Cinema | January 26th, 2026
By Greg Carlson
The versatile Nia DaCosta follows her underseen and underappreciated “Hedda” (one of my 2025 favorites) with the first female-helmed entry in the 28 Days/Weeks/Years Later series, a fascinating and grisly memento mori called “28 Years Later: The Bone Temple.” Featuring a mesmerizing performance by an all-in Ralph Fiennes, reprising his role as Dr. Ian Kelson, DaCosta’s violent, vicious, and bloody chapter also brims with intelligence, visual beauty and even a measure of unexpected grace in the unlikeliest of places. Alex Garland’s re-imagining of George Romero’s foundational and groundbreaking modern ghouls as fast-moving, zombie-like marauders infected by the Rage Virus continues to surprise and delight genre fans, no mean feat in one of horror’s most overworked categories.
Inaugurated in 2002 by the formidable team of screenwriter Garland, director Danny Boyle, and producer Andrew Macdonald, the saga today feels even more terrifyingly parallel to the unsafe, precipice-of-disaster dystopian hellscape currently tormenting American citizens. “The Bone Temple” takes place in the incongruously lush valleys and rolling hills of Northern England. The rural location of the Yorkshire Dales provides both budgetary relief as well as a striking contrast to city-set films. The title structure, hauntingly introduced in the previous chapter, plays an even bigger role this time, serving as the site of the climactic showdown between Kelson and the Jimmy Savile-inspired cult/gang leader Sir Lord Jimmy Crystal, the sadistic killer played to perfection by Jack O’Connell with the same degree of chilling commitment he brought to Irish vampire Remmick in “Sinners.”
Young Spike (Alfie Williams), now caught in the teeth of reluctant membership in Lord Jimmy’s merciless crew, must comply with awful instructions as a matter of survival.
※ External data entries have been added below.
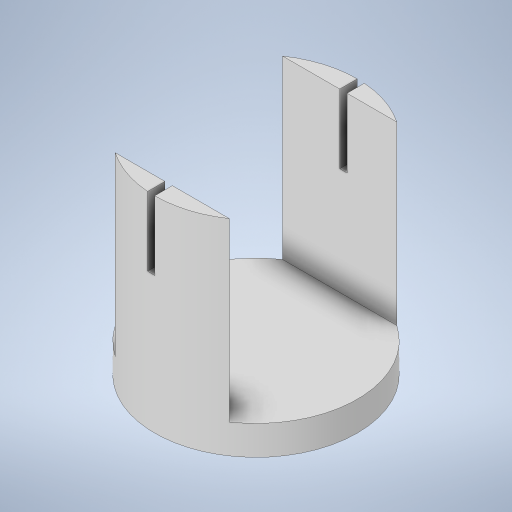
# Autodesk Inventor part: Base
Saved by Autodesk Inventor 2023 (Build 270158030, 158C)
## iProperties
Created: 2022-06-18
Part Number: Base
Material: Generic
Document SubType Name: Modeling
Designer: Mlees
Density: 1 g/cm^3
Appearance: Default
Author: Mlees
Autodesk Inventor part; units mm, degrees
ref_plane "YZ Plane" through (0, 0, 0) normal (1, 0, 0) x (0, 1, 0)
ref_plane "XZ Plane" through (0, 0, 0) normal (0, 1, 0) x (-1, 0, 0)
ref_plane "XY Plane" through (0, 0, 0) normal (0, 0, 1) x (1, 0, 0)
sketch "Sketch1" plane through (0, 0, 0) normal (1, 0, 0) x (0, 1, 0)
  circle A0 centre (0, -28.5) radius 34.5
  point P0 (0, 0)
  constraints: 1 centre point
extrude "Extrusion1" add sketch "Sketch1" along normal blind 70
sketch "Sketch2" plane through (70, 0, -28.5) normal (1, 0, 0) x (0, 0, -1)
  line L0 (-28.5, 0) -> (-28.5, 19.4422)
  circle A0 centre (0, 0) radius 34.5 projected
  line L1 (-28.5, 0) -> (-28.5, -19.4422)
  line L2 (28.5, 0) -> (28.5, 19.4422)
  line L3 (28.5, 0) -> (28.5, -19.4422)
  arc A1 (-28.5, 19.4422) -> (-28.5, -19.4422) centre (0, 0) ccw
  arc A2 (28.5, -19.4422) -> (28.5, 19.4422) centre (0, 0) ccw
  arc A3 (28.5, 19.4422) -> (-28.5, 19.4422) centre (0, 0) ccw
  arc A4 (-28.5, -19.4422) -> (28.5, -19.4422) centre (0, 0) ccw
  constraints: 12 point on circle, 8 end point, 6 concentric, 4 centre point, 2 point on line, 1 parallel, 1 vertical
extrude "Extrusion2" cut sketch "Sketch2" against normal blind 60 contours L0 A0 L2 L3 L1
sketch "Sketch3" plane through (70, 0, 0) normal (1, 0, 0) x (0, 0, -1)
  line L0 (0, 0) -> (0, 1.25)
  circle A0 centre (28.5, 0) radius 34.5 projected
  line L1 (28.5, 0) -> (28.5, 34.5)
  line L2 (0, 1.25) -> (0, 2.5)
  line L3 (0, -19.4422) -> (0, 19.4422) projected
  line L4 (0, 2.5) -> (-6.2328, 2.5)
  line L5 (-6.2328, 2.5) -> (-6.2328, 0)
  line L6 (-6.2328, 0) -> (0, 0)
  line L7 (57, 19.4422) -> (57, -19.4422) projected
  line L8 (57, 0) -> (57, -2.5)
  line L9 (57, -2.5) -> (63.7144, -2.5)
  line L10 (63.7144, -2.5) -> (63.7144, 0)
  line L11 (63.7144, 0) -> (57, 0)
  dimension "d9" = 1.25
  dimension "d10" = 2.5
  constraints: 20 end point, 6 perpendicular, 2 point on line, 1 midpoint, 1 point on circle, 1 vertical
  measures "d9" distance of L0.end L2.end
  measures "d10" distance of L8.start L8.end
extrude "Extrusion3" cut sketch "Sketch3" against normal blind 23.5 contours L6 A0 L4 L2 L0 | L6 L5 L4 A0 | L9 L7 L11 A0 | A0 L11 L10 L9
body "Solid1"

Spike’s experiences continue to be presented as the locus of audience identification, even though Kelson arguably takes over as the central protagonist of the new installment. Alongside Spike as one of Lord Jimmy’s seven “fingers” is Erin Kellyman’s Jimmy Ink, whose sensitivity to Spike’s plight sets her apart from the rest of the thugs eager to flay and slay any unfortunates who come into contact with the deranged scavengers. Jimmy Ink’s willingness to defy Lord Jimmy keeps the viewer invested by reminding us that anything could happen at any moment.
Kelson’s relationship with the hulking, infected Samson (Chi Lewis-Parry) arrives at a surprising conclusion. In one of the movie’s most poignant scenes, we learn that the supply of morphine and antipsychotics used by the physician to calm the dangerous Alpha is quickly running out. Amidst the downward spiral toward abject hopelessness, a small glimmer of light shines: Could Kelson’s drug cocktail be a roadmap to a Rage Virus cure? Even though Fiennes will soon have the opportunity to pull out the stops, the calm tenderness with which he communicates with Samson paints his character in subtle shades.
Kelson’s devotion to the construction of the title necropolis suggests the simultaneous presence of madness and the radical act of warding off despair. The irony and paradox of human mortality versus transcendent eternal life manifests in Kelson’s project, a monument of a piece with the real-life locations written about and photographed by Paul Koudounaris in his definitive 2011 book “Empire of Death: A Cultural History of Ossuaries and Charnel Houses.” The Bone Temple attracts the attention of Lord Jimmy, leading to a tour de force Black Mass parody underscored by Iron Maiden’s “The Number of the Beast” in one of contemporary horror’s most enthralling set pieces.